Florence Nightingale, the English statistician and founder of modern nursing, became an honorary member of the ASA in 1875. The ASA began publishing the Journal of the American Statistical Association (JASA) in 1888. Early issues of JASA included applications to practically every field of knowledge, but were focused mainly on data, including measuring and recording measurements, managing data gathering enterprises such as the U.S. Census, sampling, organizing and displaying data, creating meaningful indices, etc. By 1900 there 500 members of the ASA, the vast majority living on the East Coast.

JASA articles in the 1890s included:

• whether the census of the U.S. population in 1890 was reasonably correct, JASA 1895, vol4(no28/29):99-102;
• what number of cases is necessary to eliminate variations [of the mortality rate] due to chance and thus reduce the fluctuations [i.e., have a specified small range], JASA 1895, 4(31):300-301;
• a report that Mr.
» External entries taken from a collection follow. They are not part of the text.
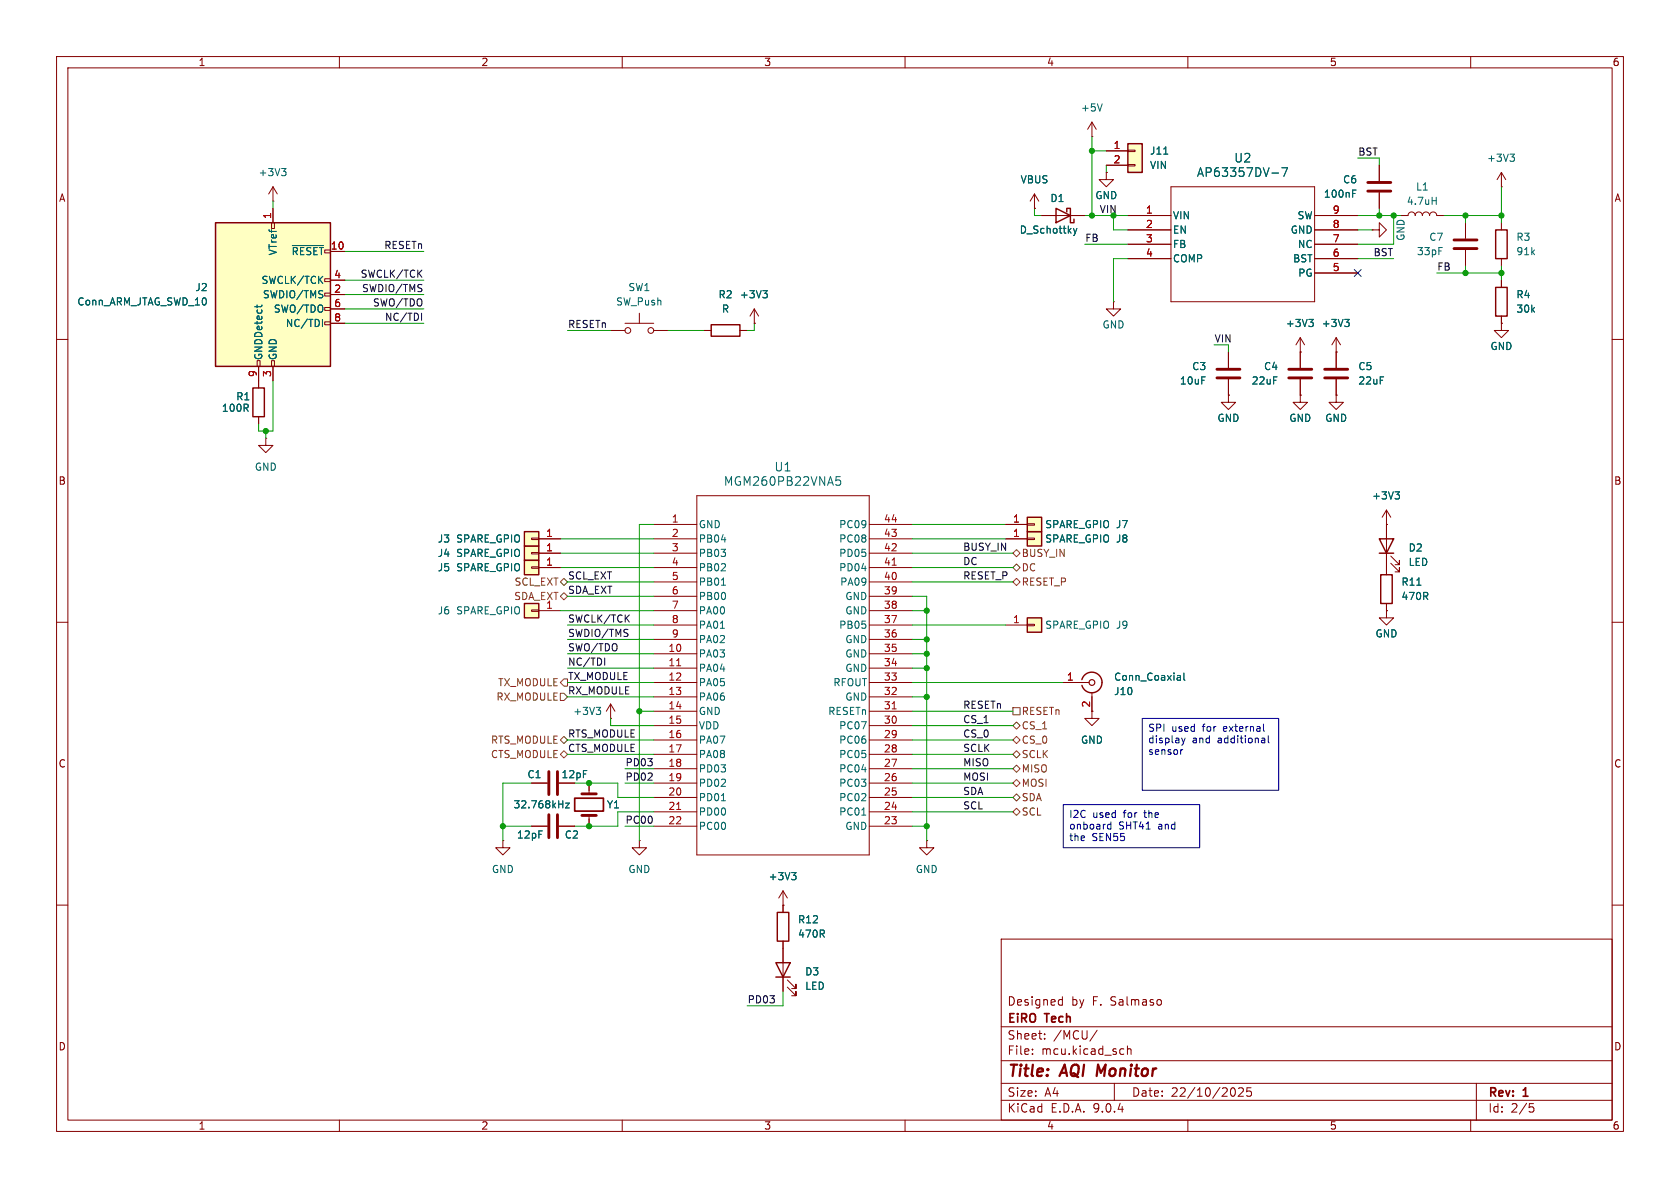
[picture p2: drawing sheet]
<svg xmlns="http://www.w3.org/2000/svg" width="297mm" height="210mm" viewBox="0 0 297 210" stroke-linecap="round" stroke-linejoin="round" font-family="sans-serif">
<g fill="none" stroke="#840000" stroke-width=".18">
<path d="M10 10h277v190h-277zM12 12h273v186h-273zM60 10v2M110 10v2M160 10v2M210 10v2M260 10v2M48.3 35.6h.1M48.3 33l-.8 1.3M48.3 33l.7 1.3M48.3 33v2.6M182.9 36.8h.1"/>
<path d="M182.9 34.3l-.8 1.3M182.9 34.3l.7 1.3M182.9 34.3v2.5M184.1 38.1h7.7M199.4 38.1h7.6M207 33h25.4v20.3h-25.4zM232.4 38.1h7.6M247.6 38.1h1.3a.64 .64 0 0 1 .7-.6 .64 .64 0 0 1 .6 .6 .64 .64 0 0 1 .6-.6 .64 .64 0 0 1 .7 .6 .64 .64 0 0 1 .6-.6 .64 .64 0 0 1 .6 .6 .64 .64 0 0 1 .7-.6 .64 .64 0 0 1 .6 .6h1.3M124.5 58.4h1.2M130.8 58.4h1.3M133.3 57.2h.1M133.3 54.6l-.7 1.3"/>
<path d="M133.3 54.6l.8 1.3M133.3 54.6v2.6M199.4 40.6h7.6M199.4 43.2h7.6M199.4 45.7h7.6M232.4 40.6h7.6M232.4 43.2h7.6M232.4 45.7h7.6M232.4 48.3h7.6M242.6 40.6h1.2v-1.2l1.3 1.2-1.3 1.3v-1.3M242.6 40.6h.1M10 60h2"/>
<path d="M45.7 67.3v1.3M45.7 73.7v1.2M47 77.5v1.2h1.3l-1.3 1.3-1.3-1.3h1.3M47 77.5h.1M285 60h2M245.1 92.7h.1M245.1 90.2v11.4M245.1 90.2l-.8 1.2M245.1 90.2l.8 1.2M245.9 99.6l1.5 1.5v-.8v.8h-.8M245.9 98.3l1.5 1.5v-.7v.7h-.8M10 110h2"/>
<path d="M245.1 108v1.2h1.3l-1.3 1.3-1.3-1.3h1.3M245.1 108h.1M245.1 106.7v1.3M285 110h2M94 138.4h2.8M104.1 138.4v1.9M107.9 127h.1M107.9 124.5l-.7 1.2M107.9 124.5l.8 1.2M107.9 124.5v2.5M88.9 148.6v1.3h1.3l-1.3 1.2-1.3-1.2h1.3M88.9 148.6h.1"/>
<path d="M94 146.1h2.8M98.8 146.1h2.8M104.1 144.1v2M113 148.6v1.3h1.3l-1.3 1.2-1.2-1.2h1.2M113 148.6h.1M10 160h2M177 166h108v32h-108zM187.4 176.7l.4 .1M187.8 176.2v1.5M187.8 177.6l-.4 .1M205.2 176.8v.8M285 160h2"/>
<path d="M60 198v2M110 198v2M160 198v2M177 194.5h108M177 191.5h108M177 187.5h108M177 181.5h108M182.5 186.3v.1M182.5 185.5v.1M184.7 183.6v.1M184.7 182.8v.1M194 182.1l-1.3 2"/>
<path d="M197 191.5v3M198.2 185.4l.5 .1M198.7 186.3l-.5 .1M199.3 185.5l.2-.1 .4 .1 .1 .9M199.3 184.9v1.5M210 198v2M218 192.3a.94 .94 0 0 1 0 1.5M219 192.4l.5-.1 .2 .1 .1 .3-.9 1.1h.9M221.2 192.3h-.7l-.1 .7 .2-.1h.5l.1 .3v.5l-.2 .1-.6-.1M260 198v2M261 191.5v6.5M270.4 195.1h.7"/>
<path d="M270.5 195.7h.4l.3 .3-.2 .5-.5 .1"/>
</g>
<path d="M186.7 36.8l2.5 1.3-2.5 1.3zM188.6 37.5v-.7h.6v2.6h.7v-.7M125.7 57.4h5.1v2h-5.1zM44.7 68.6h2v5.1h-2zM243.8 95.3h2.6l-1.3 2.5zM243.8 97.8h2.6M244.1 101.6h2v5.1h-2z" fill="none" stroke="#840000" stroke-width=".25"/>
<g fill="none" stroke="#006464" stroke-width=".18">
<path d="M49.8 29.8h.8l-.5 .5M50.3 30.3l.3 .2v.3l-.3 .3M224.9 30.6h1.1M226.6 29.7h1l-.6 1.5M253.2 35.5h.7M253.9 34.9v1.2M134.9 51.4h.7l-.4 .5M135.4 51.9l.2 .2v.3l-.2 .2M189.8 40.4l.3 .8M190.1 41.2l-.3 .4M190.4 40.4l-.3 .8M246.6 86.9h.8l-.4 .5"/>
<path d="M247.2 87.4l.2 .3v.3l-.2 .2M250.5 103.4h.7M105.4 125h.8l-.4 .5M105.9 125.5l.3 .3v.3l-.3 .2M100 142h.6l-.6 .8h.6"/>
</g>
<path d="M97 136.4v4.1M98.6 136.4v4.1M97 144v4.1M98.6 144v4.1M102.9 144.1h2.5M102.9 140.3h2.5" fill="none" stroke="#840000" stroke-width=".51"/>
<path d="M101.6 141.1h5.1v2.3h-5.1z" fill="none" stroke="#840000" stroke-width=".3"/>
<path d="M38.1 39.4h20.3v25.4h-20.3z" fill="#ffffc2"/>
<path d="M38.1 39.4h20.3v25.4h-20.3z" fill="none" stroke="#840000" stroke-width=".25"/>
<g fill="none" stroke="#840000" stroke-width=".18">
<path d="M48 39.4h.5v1h-.5zM48.3 36.8v2.6M193 24.1h.1M193 21.6l-.7 1.3M193 21.6l.8 1.3M193 21.6v2.5M195.6 30.5v1.3h1.2l-1.2 1.2-1.3-1.2h1.3M195.6 30.5h.1M57.4 49.3h1v.5h-1zM57.4 51.8h1v.5h-1zM57.4 54.4h1v.5h-1zM57.4 56.9h1v.5h-1z"/>
<path d="M58.4 44.5h2.6M58.4 49.5h2.6M58.4 52.1h2.6M58.4 54.6h2.6M58.4 57.2h2.6M45.5 63.8h.5v1h-.5zM45.7 64.8v2.5M48 63.8h.5v1h-.5zM48.3 64.8v2.5M217.2 62.2v2.8M217.2 67.1v2.8"/>
</g>
<path d="M194.9 18.4l-.5 1.2M45.5 53.9v.5M46.3 53.9l-.1 .3M51.7 43.4h5.5M57 56.5v1.2" fill="none" stroke="#006464" stroke-width=".18"/>
<path d="M215.1 65.3h4.1M215.1 66.8h4.1" fill="none" stroke="#840000" stroke-width=".51"/>
<path d="M199.4 25.4h2.5v5.1h-2.5z" fill="#ffffc2"/>
<path d="M199.4 25.4h2.5v5.1h-2.5z" fill="none" stroke="#840000" stroke-width=".25"/>
<path d="M195.6 26.7h3.8M195.6 29.2h3.8M199.4 26.5h1.3v.3h-1.3zM199.4 29.1h1.3v.2h-1.3z" fill="none" stroke="#840000" stroke-width=".18"/>
<path d="M205.7 27.2h.8" fill="none" stroke="#006464" stroke-width=".18"/>
<path d="M181.6 94h2.5v2.5h-2.5z" fill="#ffffc2"/>
<path d="M181.6 94h2.5v2.5h-2.5z" fill="none" stroke="#840000" stroke-width=".25"/>
<path d="M177.8 95.3h3.8M181.6 95.1h1.3v.3h-1.3z" fill="none" stroke="#840000" stroke-width=".18"/>
<path d="M181.6 109.2h2.5v2.6h-2.5z" fill="#ffffc2"/>
<path d="M181.6 109.2h2.5v2.6h-2.5z" fill="none" stroke="#840000" stroke-width=".25"/>
<path d="M177.8 110.5h3.8M181.6 110.4h1.3v.2h-1.3z" fill="none" stroke="#840000" stroke-width=".18"/>
<path d="M181.6 91.4h2.5v2.6h-2.5z" fill="#ffffc2"/>
<path d="M181.6 91.4h2.5v2.6h-2.5zM191.3 120.1a1.81 1.81 0 0 1 2.7-1 1.81 1.81 0 0 1 .1 3 1.81 1.81 0 0 1-2.8-.9M137.2 170.2h2.5l-1.3 2.5zM137.2 172.7h2.5M137.4 161.3h2v5.1h-2z" fill="none" stroke="#840000" stroke-width=".25"/>
<g fill="none" stroke="#840000" stroke-width=".18">
<path d="M196.8 53.3v1.3h1.3l-1.3 1.3-1.2-1.3h1.2M196.8 53.3h.1M229.9 59.7l-.8 1.3M229.9 59.7l.7 1.3M229.9 59.7v2.5M236.2 59.7l.8 1.3M236.2 59.7l-.7 1.3M236.2 59.7v5.3M217.2 69.9v1.2h1.2l-1.2 1.3-1.3-1.3h1.3M217.2 69.9h.1M229.9 69.9v1.2h1.2l-1.2 1.3-1.3-1.3h1.3M229.9 69.9h.1"/>
<path d="M229.9 62.2h.1M236.2 69.9v1.2h-1.3l1.3 1.3 1.3-1.3h-1.3M236.2 69.9h.1M236.2 62.2h.1M236.2 67.1v2.8M177.8 92.7h3.8M181.6 92.6h1.3v.2h-1.3zM188 120.7h4.5M193 122.4v4.6h1.3l-1.3 1.3-1.2-1.3h1.2M138.4 157.5v3.8M138.4 157.5l-.7 1.3M138.4 157.5l.8 1.3"/>
<path d="M138.4 160h.1M138.4 166.4v8.9M139.2 174.5l1.5 1.5v-.7v.7h-.7M139.2 173.2l1.5 1.6v-.8v.8h-.7"/>
</g>
<path d="M231.4 56.5h.8l-.5 .4M231.9 56.9l.3 .3v.3l-.3 .2M237.7 56.5h.8l-.4 .4M238.3 56.9l.2 .3v.3l-.2 .2M208.3 119.4h.2l.2 .2v.7M208.7 119.7l-.4 .1M209.3 119v1.1l.2 .2M208.7 120.2l-.4 .1M139.9 154.2h.8l-.4 .5M140.5 154.7l.2 .3v.3l-.2 .2" fill="none" stroke="#006464" stroke-width=".18"/>
<circle cx="193" cy="120.7" r=".51" fill="none" stroke="#840000" stroke-width=".2"/>
<path d="M234.2 65.3h4.1M234.2 66.8h4.1" fill="none" stroke="#840000" stroke-width=".51"/>
<path d="M92.7 106.7h2.5v2.5h-2.5z" fill="#ffffc2"/>
<path d="M92.7 106.7h2.5v2.5h-2.5z" fill="none" stroke="#840000" stroke-width=".25"/>
<path d="M265.4 33h.1M265.4 30.5l-.7 1.3M265.4 30.5l.8 1.3M265.4 30.5v2.5M94 107.8h1.2v.3h-1.2zM95.2 108h3.9" fill="none" stroke="#840000" stroke-width=".18"/>
<path d="M266.9 27.2h.8l-.4 .5M267.5 27.7l.2 .3v.3l-.2 .2" fill="none" stroke="#006464" stroke-width=".18"/>
<path d="M92.7 96.5h2.5v2.6h-2.5z" fill="#ffffc2"/>
<path d="M92.7 96.5h2.5v2.6h-2.5z" fill="none" stroke="#840000" stroke-width=".25"/>
<path d="M259.1 39.4v2.8M259.1 44.2v2.8M94 97.7h1.2v.2h-1.2zM95.2 97.8h3.9" fill="none" stroke="#840000" stroke-width=".18"/>
<path d="M257 42.4h4.1M257 43.9h4.1" fill="none" stroke="#840000" stroke-width=".51"/>
<path d="M92.7 94h2.5v2.5h-2.5z" fill="#ffffc2"/>
<path d="M264.4 40.6h2v5.1h-2zM264.4 50.8h2v5.1h-2zM92.7 94h2.5v2.5h-2.5z" fill="none" stroke="#840000" stroke-width=".25"/>
<path d="M265.4 39.4v1.2M265.4 45.7v1.3M265.4 49.5v1.3M265.4 55.9v1.3M94 95.1h1.2v.3h-1.2zM95.2 95.3h3.9" fill="none" stroke="#840000" stroke-width=".18"/>
<path d="M92.7 99.1h2.5v2.5h-2.5z" fill="#ffffc2"/>
<path d="M92.7 99.1h2.5v2.5h-2.5z" fill="none" stroke="#840000" stroke-width=".25"/>
<g fill="none" stroke="#840000" stroke-width=".18">
<path d="M48.3 36.8v2.6M182.9 36.8h.1M184.1 38.1h2.6M189.2 38.1h2.6M195.6 30.5h.1M195.6 26.7h3.8M195.6 29.2h3.8M199.4 38.1h7.6M232.4 38.1h7.6M243.8 29.2v2.8M243.8 34v2.8M58.4 57.2h2.6"/>
<path d="M58.4 44.5h2.6M58.4 49.5h2.6M58.4 52.1h2.6M58.4 54.6h2.6M107.9 58.4h2.6M110.5 57.2h5.1M113 55.4v1.8M115.6 58.4h2.5M124.5 58.4h1.2M130.8 58.4h1.3M133.3 57.2h.1M199.4 40.6h7.6"/>
<path d="M199.4 43.2h7.6M199.4 45.7h7.6M232.4 40.6h7.6M232.4 43.2h7.6M232.4 45.7h7.6M232.4 48.3h7.6M265.4 57.2v1.2h1.3l-1.3 1.3-1.2-1.3h1.2M265.4 57.2h.1M265.4 49.5v1.3M265.4 55.9v1.3M45.7 64.8v3.8M45.7 73.7v1.2"/>
<path d="M48.3 64.8v2.5M217.2 69.9h.1M217.2 62.2v2.8M217.2 67.1v2.8M229.9 62.2h.1M229.9 69.9h.1M229.9 62.2v2.8M229.9 67.1v2.8M236.2 62.2h.1M236.2 69.9h.1M236.2 62.2v2.8M236.2 67.1v2.8"/>
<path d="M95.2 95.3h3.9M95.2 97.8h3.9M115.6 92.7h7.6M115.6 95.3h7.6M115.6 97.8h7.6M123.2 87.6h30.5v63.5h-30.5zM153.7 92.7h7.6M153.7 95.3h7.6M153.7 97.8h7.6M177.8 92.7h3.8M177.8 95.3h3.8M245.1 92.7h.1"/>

Hollerith said his electric tabulating machine based on punched cards (created using a key board controlled punch machine) soon will be put on the market, JASA 1895, 4(32):358-365;
• what should be included in college statistics courses (see insert below), JASA 1896, 5(35/36):173; and
• ASA Pres. Walker’s address to the membership in which he chastises the federal government for not supporting the training of statisticians and colleges for not developing curricula in statistics, JASA 1897, 5(37):179-187.
###### Statistics Course at the London School of Economics and Political Science, 1896-97

Knowledge of statistical theory in the 19th century was confined mainly to scholars in Europe. One could not expect the faculty of a new university in Montana to teach statistical theory and methods. Bozeman was a modern town in that it had railway service, telegraph and mail services, a library, and a newspaper, but geographic isolation surely put the Montana State faculty members at a disadvantage. To keep up on their areas of expertise, they must have relied on mail correspondence, academic journals, visiting experts, and trips to professional meetings. Curriculum development at Montana State necessarily would lag some years behind for such a rapidly advancing field as statistics. The starting point was to expand its faculty. The first mathematically-trained faculty member (William Tallman) was not hired until 1901.

In future eras, advancements in communication and transportation gradually eliminated the geographical disadvantages. After World War II, the federal government began providing support to universities for science and technology areas, including statistics. Then the MSC statistics program was allowed to grow. Its curriculum began to match the leading edge of statistical practice and its own research contributed to pushing that edge forward.